8. A computer device, characterized in that the computer device comprises a memory and a processor, the memory storing a computer program which, when executed by the processor, causes the processor to carry out the steps of: evaluating a local data structure of the data set lacking the tag by using NLS, and simultaneously calculating correlation of the tag and the feature by using MIC, and utilizing a small amount of tag information in the data set; the significance is evaluated by adaptively combining NLS and MIC according to the collision ratio between the neighborhood and the tag, determining NM Score of the feature.

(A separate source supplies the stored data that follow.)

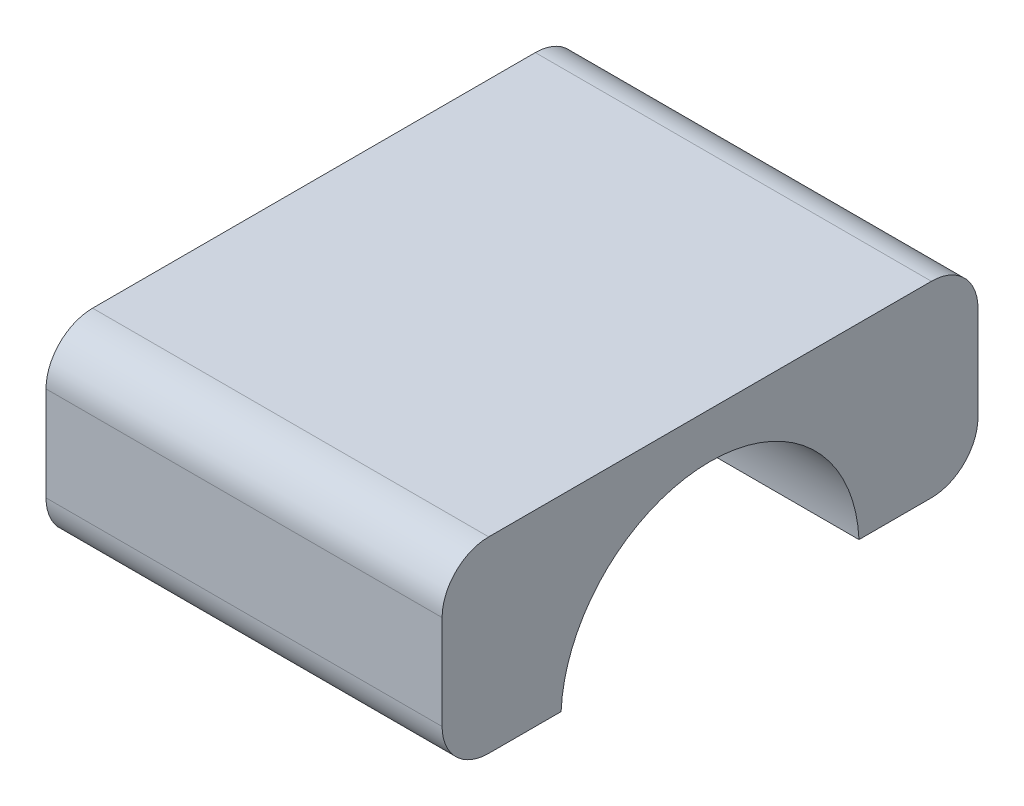
ISO-10303-21;
HEADER;
FILE_DESCRIPTION(('STEP AP214'),'2;1');
FILE_NAME('part.step','',(''),(''),'','','');
FILE_SCHEMA(('AUTOMOTIVE_DESIGN { 1 0 10303 214 1 1 1 1 }'));
ENDSEC;
DATA;
#1=APPLICATION_CONTEXT('core data for automotive mechanical design processes');
#2=APPLICATION_PROTOCOL_DEFINITION('international standard','automotive_design',2000,#1);
#3=PRODUCT_CONTEXT('',#1,'mechanical');
#4=PRODUCT('Part','Part','',(#3));
#5=PRODUCT_RELATED_PRODUCT_CATEGORY('part','',(#4));
#6=PRODUCT_DEFINITION_FORMATION('','',#4);
#7=PRODUCT_DEFINITION_CONTEXT('part definition',#1,'design');
#8=PRODUCT_DEFINITION('design','',#6,#7);
#9=PRODUCT_DEFINITION_SHAPE('','',#8);
#10=(LENGTH_UNIT() NAMED_UNIT(*) SI_UNIT(.MILLI.,.METRE.));
#11=(NAMED_UNIT(*) PLANE_ANGLE_UNIT() SI_UNIT($,.RADIAN.));
#12=(NAMED_UNIT(*) SI_UNIT($,.STERADIAN.) SOLID_ANGLE_UNIT());
#13=UNCERTAINTY_MEASURE_WITH_UNIT(LENGTH_MEASURE(1.E-05),#10,'distance_accuracy_value','');
#14=(GEOMETRIC_REPRESENTATION_CONTEXT(3) GLOBAL_UNCERTAINTY_ASSIGNED_CONTEXT((#13)) GLOBAL_UNIT_ASSIGNED_CONTEXT((#10,
#11,#12)) REPRESENTATION_CONTEXT('',''));
#15=CARTESIAN_POINT('',(0.,0.,0.));
#16=DIRECTION('',(0.,0.,1.));
#17=DIRECTION('',(1.,0.,0.));
#18=AXIS2_PLACEMENT_3D('',#15,#16,#17);
#19=CARTESIAN_POINT('',(17.,4.6,19.));
#20=DIRECTION('',(-1.,0.,0.));
#21=DIRECTION('',(0.,0.,1.));
#22=AXIS2_PLACEMENT_3D('',#19,#20,#21);
#23=CYLINDRICAL_SURFACE('',#22,4.);
#24=CARTESIAN_POINT('',(-10.6771243444677,0.6,19.));
#25=CARTESIAN_POINT('',(-10.7192506551599,0.600001174078135,19.0371518846942));
#26=CARTESIAN_POINT('',(-10.762919419632,0.600517310211942,19.0725074408913));
#27=CARTESIAN_POINT('',(-10.8530570336111,0.602290069309495,19.1394128146137));
#28=CARTESIAN_POINT('',(-10.8995254438069,0.603546576366918,19.1709632269095));
#29=CARTESIAN_POINT('',(-11.0425949485409,0.607988949122822,19.2595242307361));
#30=CARTESIAN_POINT('',(-11.1429753550835,0.611849230477293,19.3105458176302));
#31=CARTESIAN_POINT('',(-11.3508425605567,0.619327815303025,19.3950466501506));
#32=CARTESIAN_POINT('',(-11.4583309959682,0.622946062662407,19.4285218401249));
#33=CARTESIAN_POINT('',(-11.6774117692618,0.628466654639228,19.476994699731));
#34=CARTESIAN_POINT('',(-11.7890022984932,0.630369746260196,19.4920004144345));
#35=CARTESIAN_POINT('',(-12.0130484507786,0.631760391016297,19.5030985950613));
#36=CARTESIAN_POINT('',(-12.1255033675481,0.631249742329856,19.4992051403526));
#37=CARTESIAN_POINT('',(-12.3482139907828,0.628000437430484,19.4726447894183));
#38=CARTESIAN_POINT('',(-12.4584682827526,0.62526039266211,19.4499661929096));
#39=CARTESIAN_POINT('',(-12.673302325334,0.618598040792685,19.386581122766));
#40=CARTESIAN_POINT('',(-12.7778954111779,0.614678668676915,19.3459192872305));
#41=CARTESIAN_POINT('',(-12.9787287494616,0.607377499454782,19.2477239447546));
#42=CARTESIAN_POINT('',(-13.0749834093817,0.603994766357509,19.190220322867));
#43=CARTESIAN_POINT('',(-13.1929282707095,0.601347443085335,19.1056317655857));
#44=CARTESIAN_POINT('',(-13.2196776259688,0.60085739692341,19.0854065409097));
#45=CARTESIAN_POINT('',(-13.2720902769434,0.600183897303602,19.0436656427182));
#46=CARTESIAN_POINT('',(-13.2977550931037,0.599999999741905,19.0221518854178));
#47=CARTESIAN_POINT('',(-13.3228756555323,0.6,19.));
#48=B_SPLINE_CURVE_WITH_KNOTS('',3,(#24,#25,#26,#27,#28,#29,#30,#31,#32,#33,#34,#35,#36,#37,#38,
#39,#40,#41,#42,#43,#44,#45,#46,#47),.UNSPECIFIED.,.F.,.F.,(4,2,2,2,2,2,2,2,2,2,2,4),(0.,
0.16839344658215,0.336760537886406,0.673040899125638,1.0093989535434,1.34561044270103,
1.68157150188485,2.01774197113865,2.35308263893527,2.68783182694749,2.78841696352058,
2.88885606221805),.UNSPECIFIED.);
#49=CARTESIAN_POINT('',(-10.6771243444677,0.6,19.));
#50=VERTEX_POINT('',#49);
#51=CARTESIAN_POINT('',(-13.3228756555323,0.6,19.));
#52=VERTEX_POINT('',#51);
#53=EDGE_CURVE('E11',#50,#52,#48,.T.);
#54=ORIENTED_EDGE('',*,*,#53,.F.);
#55=DIRECTION('',(-1.,0.,0.));
#56=VECTOR('',#55,1.);
#57=CARTESIAN_POINT('',(17.,0.6,19.));
#58=LINE('',#57,#56);
#59=CARTESIAN_POINT('',(10.6771243444677,0.6,19.));
#60=VERTEX_POINT('',#59);
#61=EDGE_CURVE('E174',#60,#50,#58,.T.);
#62=ORIENTED_EDGE('',*,*,#61,.F.);
#63=CARTESIAN_POINT('',(13.3228756555323,0.6,19.));
#64=CARTESIAN_POINT('',(13.2807493448401,0.600001174078135,19.0371518846942));
#65=CARTESIAN_POINT('',(13.237080580368,0.600517310211942,19.0725074408913));
#66=CARTESIAN_POINT('',(13.1469429663889,0.602290069309495,19.1394128146137));
#67=CARTESIAN_POINT('',(13.1004745561931,0.603546576366918,19.1709632269095));
#68=CARTESIAN_POINT('',(12.9574050514591,0.607988949122822,19.2595242307361));
#69=CARTESIAN_POINT('',(12.8570246449165,0.611849230477293,19.3105458176302));
#70=CARTESIAN_POINT('',(12.6491574394433,0.619327815303025,19.3950466501506));
#71=CARTESIAN_POINT('',(12.5416690040318,0.622946062662407,19.4285218401249));
#72=CARTESIAN_POINT('',(12.3225882307382,0.628466654639228,19.476994699731));
#73=CARTESIAN_POINT('',(12.2109977015068,0.630369746260196,19.4920004144345));
#74=CARTESIAN_POINT('',(11.9869515492214,0.631760391016297,19.5030985950613));
#75=CARTESIAN_POINT('',(11.8744966324519,0.631249742329856,19.4992051403526));
#76=CARTESIAN_POINT('',(11.6517860092172,0.628000437430484,19.4726447894183));
#77=CARTESIAN_POINT('',(11.5415317172474,0.62526039266211,19.4499661929096));
#78=CARTESIAN_POINT('',(11.326697674666,0.618598040792685,19.386581122766));
#79=CARTESIAN_POINT('',(11.2221045888221,0.614678668676915,19.3459192872305));
#80=CARTESIAN_POINT('',(11.0212712505384,0.607377499454782,19.2477239447546));
#81=CARTESIAN_POINT('',(10.9250165906183,0.603994766357509,19.190220322867));
#82=CARTESIAN_POINT('',(10.8070717292905,0.601347443085335,19.1056317655857));
#83=CARTESIAN_POINT('',(10.7803223740312,0.60085739692341,19.0854065409097));
#84=CARTESIAN_POINT('',(10.7279097230566,0.600183897303602,19.0436656427182));
#85=CARTESIAN_POINT('',(10.7022449068963,0.599999999741905,19.0221518854178));
#86=CARTESIAN_POINT('',(10.6771243444677,0.6,19.));
#87=B_SPLINE_CURVE_WITH_KNOTS('',3,(#63,#64,#65,#66,#67,#68,#69,#70,#71,#72,#73,#74,#75,#76,#77,
#78,#79,#80,#81,#82,#83,#84,#85,#86),.UNSPECIFIED.,.F.,.F.,(4,2,2,2,2,2,2,2,2,2,2,4),(0.,
0.16839344658215,0.336760537886406,0.673040899125638,1.0093989535434,1.34561044270103,
1.68157150188485,2.01774197113865,2.35308263893527,2.68783182694749,2.78841696352057,
2.88885606221805),.UNSPECIFIED.);
#88=CARTESIAN_POINT('',(13.3228756555323,0.6,19.));
#89=VERTEX_POINT('',#88);
#90=EDGE_CURVE('E52',#89,#60,#87,.T.);
#91=ORIENTED_EDGE('',*,*,#90,.F.);
#92=CARTESIAN_POINT('',(17.,0.6,19.));
#93=VERTEX_POINT('',#92);
#94=EDGE_CURVE('E151',#93,#89,#58,.T.);
#95=ORIENTED_EDGE('',*,*,#94,.F.);
#96=CARTESIAN_POINT('',(17.,4.6,19.));
#97=DIRECTION('',(1.,0.,0.));
#98=DIRECTION('',(0.,0.,-1.));
#99=AXIS2_PLACEMENT_3D('',#96,#97,#98);
#100=CIRCLE('',#99,4.);
#101=CARTESIAN_POINT('',(17.,4.6,23.));
#102=VERTEX_POINT('',#101);
#103=EDGE_CURVE('E278',#102,#93,#100,.T.);
#104=ORIENTED_EDGE('',*,*,#103,.F.);
#105=DIRECTION('',(-1.,0.,0.));
#106=VECTOR('',#105,1.);
#107=CARTESIAN_POINT('',(17.,4.6,23.));
#108=LINE('',#107,#106);
#109=CARTESIAN_POINT('',(-17.,4.6,23.));
#110=VERTEX_POINT('',#109);
#111=EDGE_CURVE('E257',#102,#110,#108,.T.);
#112=ORIENTED_EDGE('',*,*,#111,.T.);
#113=CARTESIAN_POINT('',(-17.,4.6,19.));
#114=DIRECTION('',(1.,0.,0.));
#115=DIRECTION('',(0.,0.,-1.));
#116=AXIS2_PLACEMENT_3D('',#113,#114,#115);
#117=CIRCLE('',#116,4.);
#118=CARTESIAN_POINT('',(-17.,0.6,19.));
#119=VERTEX_POINT('',#118);
#120=EDGE_CURVE('E258',#110,#119,#117,.T.);
#121=ORIENTED_EDGE('',*,*,#120,.T.);
#122=EDGE_CURVE('E168',#52,#119,#58,.T.);
#123=ORIENTED_EDGE('',*,*,#122,.F.);
#124=EDGE_LOOP('',(#54,#62,#91,#95,#104,#112,#121,#123));
#125=FACE_BOUND('',#124,.T.);
#126=ADVANCED_FACE('F39',(#125),#23,.T.);
#127=CARTESIAN_POINT('',(17.,4.6,-19.));
#128=DIRECTION('',(-1.,0.,0.));
#129=DIRECTION('',(0.,0.,1.));
#130=AXIS2_PLACEMENT_3D('',#127,#128,#129);
#131=CYLINDRICAL_SURFACE('',#130,4.);
#132=CARTESIAN_POINT('',(10.6771243444677,0.6,-19.));
#133=CARTESIAN_POINT('',(10.7192506551599,0.600001174078135,-19.0371518846942));
#134=CARTESIAN_POINT('',(10.762919419632,0.600517310211942,-19.0725074408913));
#135=CARTESIAN_POINT('',(10.8530570336111,0.602290069309495,-19.1394128146137));
#136=CARTESIAN_POINT('',(10.8995254438069,0.603546576366918,-19.1709632269095));
#137=CARTESIAN_POINT('',(11.0425949485409,0.607988949122822,-19.2595242307361));
#138=CARTESIAN_POINT('',(11.1429753550835,0.611849230477293,-19.3105458176302));
#139=CARTESIAN_POINT('',(11.3508425605567,0.619327815303025,-19.3950466501506));
#140=CARTESIAN_POINT('',(11.4583309959682,0.622946062662407,-19.4285218401249));
#141=CARTESIAN_POINT('',(11.6774117692618,0.628466654639228,-19.476994699731));
#142=CARTESIAN_POINT('',(11.7890022984932,0.630369746260196,-19.4920004144345));
#143=CARTESIAN_POINT('',(12.0130484507786,0.631760391016297,-19.5030985950613));
#144=CARTESIAN_POINT('',(12.1255033675481,0.631249742329856,-19.4992051403526));
#145=CARTESIAN_POINT('',(12.3482139907828,0.628000437430484,-19.4726447894183));
#146=CARTESIAN_POINT('',(12.4584682827526,0.62526039266211,-19.4499661929096));
#147=CARTESIAN_POINT('',(12.673302325334,0.618598040792685,-19.386581122766));
#148=CARTESIAN_POINT('',(12.7778954111779,0.614678668676915,-19.3459192872305));
#149=CARTESIAN_POINT('',(12.9787287494616,0.607377499454782,-19.2477239447546));
#150=CARTESIAN_POINT('',(13.0749834093817,0.603994766357509,-19.190220322867));
#151=CARTESIAN_POINT('',(13.1929282707095,0.601347443085335,-19.1056317655857));
#152=CARTESIAN_POINT('',(13.2196776259688,0.60085739692341,-19.0854065409097));
#153=CARTESIAN_POINT('',(13.2720902769434,0.600183897303602,-19.0436656427182));
#154=CARTESIAN_POINT('',(13.2977550931037,0.599999999741905,-19.0221518854178));
#155=CARTESIAN_POINT('',(13.3228756555323,0.6,-19.));
#156=B_SPLINE_CURVE_WITH_KNOTS('',3,(#132,#133,#134,#135,#136,#137,#138,#139,#140,#141,#142,
#143,#144,#145,#146,#147,#148,#149,#150,#151,#152,#153,#154,#155),.UNSPECIFIED.,.F.,.F.,(4,2,2,
2,2,2,2,2,2,2,2,4),(0.,0.16839344658215,0.336760537886406,0.673040899125638,1.0093989535434,
1.34561044270103,1.68157150188485,2.01774197113865,2.35308263893527,2.68783182694749,
2.78841696352058,2.88885606221805),.UNSPECIFIED.);
#157=CARTESIAN_POINT('',(10.6771243444677,0.6,-19.));
#158=VERTEX_POINT('',#157);
#159=CARTESIAN_POINT('',(13.3228756555323,0.6,-19.));
#160=VERTEX_POINT('',#159);
#161=EDGE_CURVE('E150',#158,#160,#156,.T.);
#162=ORIENTED_EDGE('',*,*,#161,.F.);
#163=DIRECTION('',(-1.,0.,0.));
#164=VECTOR('',#163,1.);
#165=CARTESIAN_POINT('',(17.,0.6,-19.));
#166=LINE('',#165,#164);
#167=CARTESIAN_POINT('',(-10.6771243444677,0.6,-19.));
#168=VERTEX_POINT('',#167);
#169=EDGE_CURVE('E157',#158,#168,#166,.T.);
#170=ORIENTED_EDGE('',*,*,#169,.T.);
#171=CARTESIAN_POINT('',(-13.3228756555323,0.6,-19.));
#172=CARTESIAN_POINT('',(-13.2807493448401,0.600001174078135,-19.0371518846942));
#173=CARTESIAN_POINT('',(-13.237080580368,0.600517310211942,-19.0725074408913));
#174=CARTESIAN_POINT('',(-13.1469429663889,0.602290069309495,-19.1394128146137));
#175=CARTESIAN_POINT('',(-13.1004745561931,0.603546576366918,-19.1709632269095));
#176=CARTESIAN_POINT('',(-12.9574050514591,0.607988949122822,-19.2595242307361));
#177=CARTESIAN_POINT('',(-12.8570246449165,0.611849230477293,-19.3105458176302));
#178=CARTESIAN_POINT('',(-12.6491574394433,0.619327815303025,-19.3950466501506));
#179=CARTESIAN_POINT('',(-12.5416690040318,0.622946062662407,-19.4285218401249));
#180=CARTESIAN_POINT('',(-12.3225882307382,0.628466654639228,-19.476994699731));
#181=CARTESIAN_POINT('',(-12.2109977015068,0.630369746260196,-19.4920004144345));
#182=CARTESIAN_POINT('',(-11.9869515492214,0.631760391016297,-19.5030985950613));
#183=CARTESIAN_POINT('',(-11.8744966324519,0.631249742329856,-19.4992051403526));
#184=CARTESIAN_POINT('',(-11.6517860092172,0.628000437430484,-19.4726447894183));
#185=CARTESIAN_POINT('',(-11.5415317172474,0.62526039266211,-19.4499661929096));
#186=CARTESIAN_POINT('',(-11.326697674666,0.618598040792685,-19.386581122766));
#187=CARTESIAN_POINT('',(-11.2221045888221,0.614678668676915,-19.3459192872305));
#188=CARTESIAN_POINT('',(-11.0212712505384,0.607377499454782,-19.2477239447546));
#189=CARTESIAN_POINT('',(-10.9250165906183,0.603994766357509,-19.190220322867));
#190=CARTESIAN_POINT('',(-10.8070717292905,0.601347443085335,-19.1056317655857));
#191=CARTESIAN_POINT('',(-10.7803223740312,0.60085739692341,-19.0854065409097));
#192=CARTESIAN_POINT('',(-10.7279097230566,0.600183897303602,-19.0436656427182));
#193=CARTESIAN_POINT('',(-10.7022449068963,0.599999999741905,-19.0221518854178));
#194=CARTESIAN_POINT('',(-10.6771243444677,0.6,-19.));
#195=B_SPLINE_CURVE_WITH_KNOTS('',3,(#171,#172,#173,#174,#175,#176,#177,#178,#179,#180,#181,
#182,#183,#184,#185,#186,#187,#188,#189,#190,#191,#192,#193,#194),.UNSPECIFIED.,.F.,.F.,(4,2,2,
2,2,2,2,2,2,2,2,4),(0.,0.16839344658215,0.336760537886406,0.673040899125638,1.0093989535434,
1.34561044270103,1.68157150188485,2.01774197113865,2.35308263893527,2.68783182694749,
2.78841696352057,2.88885606221805),.UNSPECIFIED.);
#196=CARTESIAN_POINT('',(-13.3228756555323,0.6,-19.));
#197=VERTEX_POINT('',#196);
#198=EDGE_CURVE('E143',#197,#168,#195,.T.);
#199=ORIENTED_EDGE('',*,*,#198,.F.);
#200=CARTESIAN_POINT('',(-17.,0.6,-19.));
#201=VERTEX_POINT('',#200);
#202=EDGE_CURVE('E159',#197,#201,#166,.T.);
#203=ORIENTED_EDGE('',*,*,#202,.T.);
#204=CARTESIAN_POINT('',(-17.,4.6,-19.));
#205=DIRECTION('',(1.,0.,0.));
#206=DIRECTION('',(0.,0.,-1.));
#207=AXIS2_PLACEMENT_3D('',#204,#205,#206);
#208=CIRCLE('',#207,4.);
#209=CARTESIAN_POINT('',(-17.,4.6,-23.));
#210=VERTEX_POINT('',#209);
#211=EDGE_CURVE('E266',#201,#210,#208,.T.);
#212=ORIENTED_EDGE('',*,*,#211,.T.);
#213=DIRECTION('',(-1.,0.,0.));
#214=VECTOR('',#213,1.);
#215=CARTESIAN_POINT('',(17.,4.6,-23.));
#216=LINE('',#215,#214);
#217=CARTESIAN_POINT('',(17.,4.6,-23.));
#218=VERTEX_POINT('',#217);
#219=EDGE_CURVE('E169',#218,#210,#216,.T.);
#220=ORIENTED_EDGE('',*,*,#219,.F.);
#221=CARTESIAN_POINT('',(17.,4.6,-19.));
#222=DIRECTION('',(1.,0.,0.));
#223=DIRECTION('',(0.,0.,-1.));
#224=AXIS2_PLACEMENT_3D('',#221,#222,#223);
#225=CIRCLE('',#224,4.);
#226=CARTESIAN_POINT('',(17.,0.6,-19.));
#227=VERTEX_POINT('',#226);
#228=EDGE_CURVE('E236',#227,#218,#225,.T.);
#229=ORIENTED_EDGE('',*,*,#228,.F.);
#230=EDGE_CURVE('E166',#227,#160,#166,.T.);
#231=ORIENTED_EDGE('',*,*,#230,.T.);
#232=EDGE_LOOP('',(#162,#170,#199,#203,#212,#220,#229,#231));
#233=FACE_BOUND('',#232,.T.);
#234=ADVANCED_FACE('F164',(#233),#131,.T.);
#235=CARTESIAN_POINT('',(17.,0.6,19.));
#236=DIRECTION('',(0.,1.,0.));
#237=DIRECTION('',(0.,0.,1.));
#238=AXIS2_PLACEMENT_3D('',#235,#236,#237);
#239=PLANE('',#238);
#240=CARTESIAN_POINT('',(-12.,0.6,17.5));
#241=DIRECTION('',(0.,1.,0.));
#242=DIRECTION('',(0.,0.,1.));
#243=AXIS2_PLACEMENT_3D('',#240,#241,#242);
#244=CIRCLE('',#243,2.);
#245=EDGE_CURVE('E57',#50,#52,#244,.T.);
#246=ORIENTED_EDGE('',*,*,#245,.T.);
#247=ORIENTED_EDGE('',*,*,#122,.T.);
#248=DIRECTION('',(0.,0.,-1.));
#249=VECTOR('',#248,1.);
#250=CARTESIAN_POINT('',(-17.,0.6,19.));
#251=LINE('',#250,#249);
#252=CARTESIAN_POINT('',(-17.,0.6,12.7859297667397));
#253=VERTEX_POINT('',#252);
#254=EDGE_CURVE('E263',#119,#253,#251,.T.);
#255=ORIENTED_EDGE('',*,*,#254,.T.);
#256=DIRECTION('',(1.,0.,0.));
#257=VECTOR('',#256,1.);
#258=CARTESIAN_POINT('',(-17.,0.6,12.7859297667397));
#259=LINE('',#258,#257);
#260=CARTESIAN_POINT('',(17.,0.6,12.7859297667397));
#261=VERTEX_POINT('',#260);
#262=EDGE_CURVE('E262',#253,#261,#259,.T.);
#263=ORIENTED_EDGE('',*,*,#262,.T.);
#264=DIRECTION('',(0.,0.,-1.));
#265=VECTOR('',#264,1.);
#266=CARTESIAN_POINT('',(17.,0.6,19.));
#267=LINE('',#266,#265);
#268=EDGE_CURVE('E241',#93,#261,#267,.T.);
#269=ORIENTED_EDGE('',*,*,#268,.F.);
#270=ORIENTED_EDGE('',*,*,#94,.T.);
#271=CARTESIAN_POINT('',(12.,0.6,17.5));
#272=DIRECTION('',(0.,1.,0.));
#273=DIRECTION('',(0.,0.,1.));
#274=AXIS2_PLACEMENT_3D('',#271,#272,#273);
#275=CIRCLE('',#274,2.);
#276=EDGE_CURVE('E64',#89,#60,#275,.T.);
#277=ORIENTED_EDGE('',*,*,#276,.T.);
#278=ORIENTED_EDGE('',*,*,#61,.T.);
#279=EDGE_LOOP('',(#246,#247,#255,#263,#269,#270,#277,#278));
#280=FACE_BOUND('',#279,.T.);
#281=ADVANCED_FACE('F352',(#280),#239,.F.);
#282=CARTESIAN_POINT('',(12.,0.6,-17.5));
#283=DIRECTION('',(0.,1.,0.));
#284=DIRECTION('',(0.,0.,1.));
#285=AXIS2_PLACEMENT_3D('',#282,#283,#284);
#286=CIRCLE('',#285,2.);
#287=EDGE_CURVE('E229',#158,#160,#286,.T.);
#288=ORIENTED_EDGE('',*,*,#287,.T.);
#289=ORIENTED_EDGE('',*,*,#230,.F.);
#290=CARTESIAN_POINT('',(17.,0.6,-12.7859297667397));
#291=VERTEX_POINT('',#290);
#292=EDGE_CURVE('E246',#291,#227,#267,.T.);
#293=ORIENTED_EDGE('',*,*,#292,.F.);
#294=DIRECTION('',(1.,0.,0.));
#295=VECTOR('',#294,1.);
#296=CARTESIAN_POINT('',(-17.,0.6,-12.7859297667397));
#297=LINE('',#296,#295);
#298=CARTESIAN_POINT('',(-17.,0.6,-12.7859297667397));
#299=VERTEX_POINT('',#298);
#300=EDGE_CURVE('E329',#291,#299,#297,.F.);
#301=ORIENTED_EDGE('',*,*,#300,.T.);
#302=EDGE_CURVE('E261',#299,#201,#251,.T.);
#303=ORIENTED_EDGE('',*,*,#302,.T.);
#304=ORIENTED_EDGE('',*,*,#202,.F.);
#305=CARTESIAN_POINT('',(-12.,0.6,-17.5));
#306=DIRECTION('',(0.,1.,0.));
#307=DIRECTION('',(0.,0.,1.));
#308=AXIS2_PLACEMENT_3D('',#305,#306,#307);
#309=CIRCLE('',#308,2.);
#310=EDGE_CURVE('E146',#197,#168,#309,.T.);
#311=ORIENTED_EDGE('',*,*,#310,.T.);
#312=ORIENTED_EDGE('',*,*,#169,.F.);
#313=EDGE_LOOP('',(#288,#289,#293,#301,#303,#304,#311,#312));
#314=FACE_BOUND('',#313,.T.);
#315=ADVANCED_FACE('F156',(#314),#239,.F.);
#316=CARTESIAN_POINT('',(17.,4.6,-23.));
#317=DIRECTION('',(0.,0.,1.));
#318=DIRECTION('',(1.,0.,0.));
#319=AXIS2_PLACEMENT_3D('',#316,#317,#318);
#320=PLANE('',#319);
#321=DIRECTION('',(0.,1.,0.));
#322=VECTOR('',#321,1.);
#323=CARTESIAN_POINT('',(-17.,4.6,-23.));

9. A computer-readable storage medium storing a computer program which, when executed by a processor, causes the processor to perform the steps of: evaluating a local data structure of the data set lacking the tag by using NLS, and simultaneously calculating correlation of the tag and the feature by using MIC, and utilizing a small amount of tag information in the data set; the significance is evaluated by adaptively combining NLS and MIC according to the collision ratio between the neighborhood and the tag, determining NM Score of the feature.

10. An information data processing terminal, characterized in that the information data processing terminal is adapted to implement the semi-supervised feature selection system as claimed in claim 7.